:: Task description ::
Check each line of the material below, and copy it if it holds the string "KeycapG".
·····
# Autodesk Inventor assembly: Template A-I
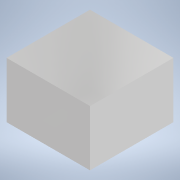
[picture p0: Inventor's stored thumbnail of the model, 180x180]
Saved by Autodesk Inventor 2022 (Build 260153000, 153)
## iProperties
Created: 2022-03-02
Part Number: Template A-I
Document SubType Name: Assembly
Designer: Nathan Griffith
Author: Nathan Griffith
## Documents named in this file (12)
- C:\Users\Nathan Griffith\Documents\Inventor\Eric's Keyboard\Template A-I.iam
- C:\Users\Nathan Griffith\Documents\Inventor\Eric's Keyboard\Block.ipt
- C:\Users\Nathan Griffith\Documents\Inventor\Eric's Keyboard\Keycap a-z\KeycapA.ipt
- C:\Users\Nathan Griffith\Documents\Inventor\Eric's Keyboard\Keycap a-z\KeycapB.ipt
- C:\Users\Nathan Griffith\Documents\Inventor\Eric's Keyboard\Keycap a-z\KeycapC.ipt
- C:\Users\Nathan Griffith\Documents\Inventor\Eric's Keyboard\Keycap a-z\KeycapD.ipt
- C:\Users\Nathan Griffith\Documents\Inventor\Eric's Keyboard\Keycap a-z\KeycapE.ipt
- C:\Users\Nathan Griffith\Documents\Inventor\Eric's Keyboard\Keycap a-z\KeycapF.ipt
- C:\Users\Nathan Griffith\Documents\Inventor\Eric's Keyboard\Keycap a-z\KeycapG.ipt
- C:\Users\Nathan Griffith\Documents\Inventor\Eric's Keyboard\Keycap a-z\KeycapH.ipt
- C:\Users\Nathan Griffith\Documents\Inventor\Eric's Keyboard\Keycap a-z\KeycapI.ipt
- C:\Users\Nathan Griffith\Documents\Inventor\Eric's Keyboard\Holder.iam
## Components (11 placed, 11 different names)
1. Block:1 — Mate:1, Mate:2, Mate:3, Mate:4, Mate:5, Mate:6, Mate:7, Mate:8, Mate:9, Mate:10, Mate:11, Mate:12, Mate:13, Mate:14, Mate:15, Mate:16, Mate:17, Mate:18
2. KeycapA:1 — Mate:1, Mate:2
3. KeycapB:1 — Mate:3, Mate:4
4. KeycapC:1 — Mate:5, Mate:6
5. KeycapD:1 — Mate:7, Mate:8
6. KeycapE:1 — Mate:9, Mate:10
7. KeycapF:1 — Mate:11, Mate:12
8. KeycapG:1 — Mate:13, Mate:14
9. KeycapH:1 — Mate:15, Mate:16
10. KeycapI:1 — Mate:17, Mate:18
11. Holder:1 [sub-assembly]
## Relationships (18: Mate 18)
- Mate:1: Block:1 ↔ KeycapA:1
- Mate:2: Block:1 ↔ KeycapA:1
- Mate:3: Block:1 ↔ KeycapB:1
- Mate:4: Block:1 ↔ KeycapB:1
- Mate:5: Block:1 ↔ KeycapC:1
- Mate:6: Block:1 ↔ KeycapC:1
- Mate:7: Block:1 ↔ KeycapD:1
- Mate:8: Block:1 ↔ KeycapD:1
- Mate:9: Block:1 ↔ KeycapE:1
- Mate:10: Block:1 ↔ KeycapE:1
- Mate:11: Block:1 ↔ KeycapF:1
- Mate:12: Block:1 ↔ KeycapF:1
- Mate:13: Block:1 ↔ KeycapG:1
- Mate:14: Block:1 ↔ KeycapG:1
- Mate:15: Block:1 ↔ KeycapH:1
- Mate:16: Block:1 ↔ KeycapH:1
- Mate:17: Block:1 ↔ KeycapI:1
- Mate:18: Block:1 ↔ KeycapI:1
·····
:: Result ::
- C:\Users\Nathan Griffith\Documents\Inventor\Eric's Keyboard\Keycap a-z\KeycapG.ipt
8. KeycapG:1 — Mate:13, Mate:14
- Mate:13: Block:1 ↔ KeycapG:1
- Mate:14: Block:1 ↔ KeycapG:1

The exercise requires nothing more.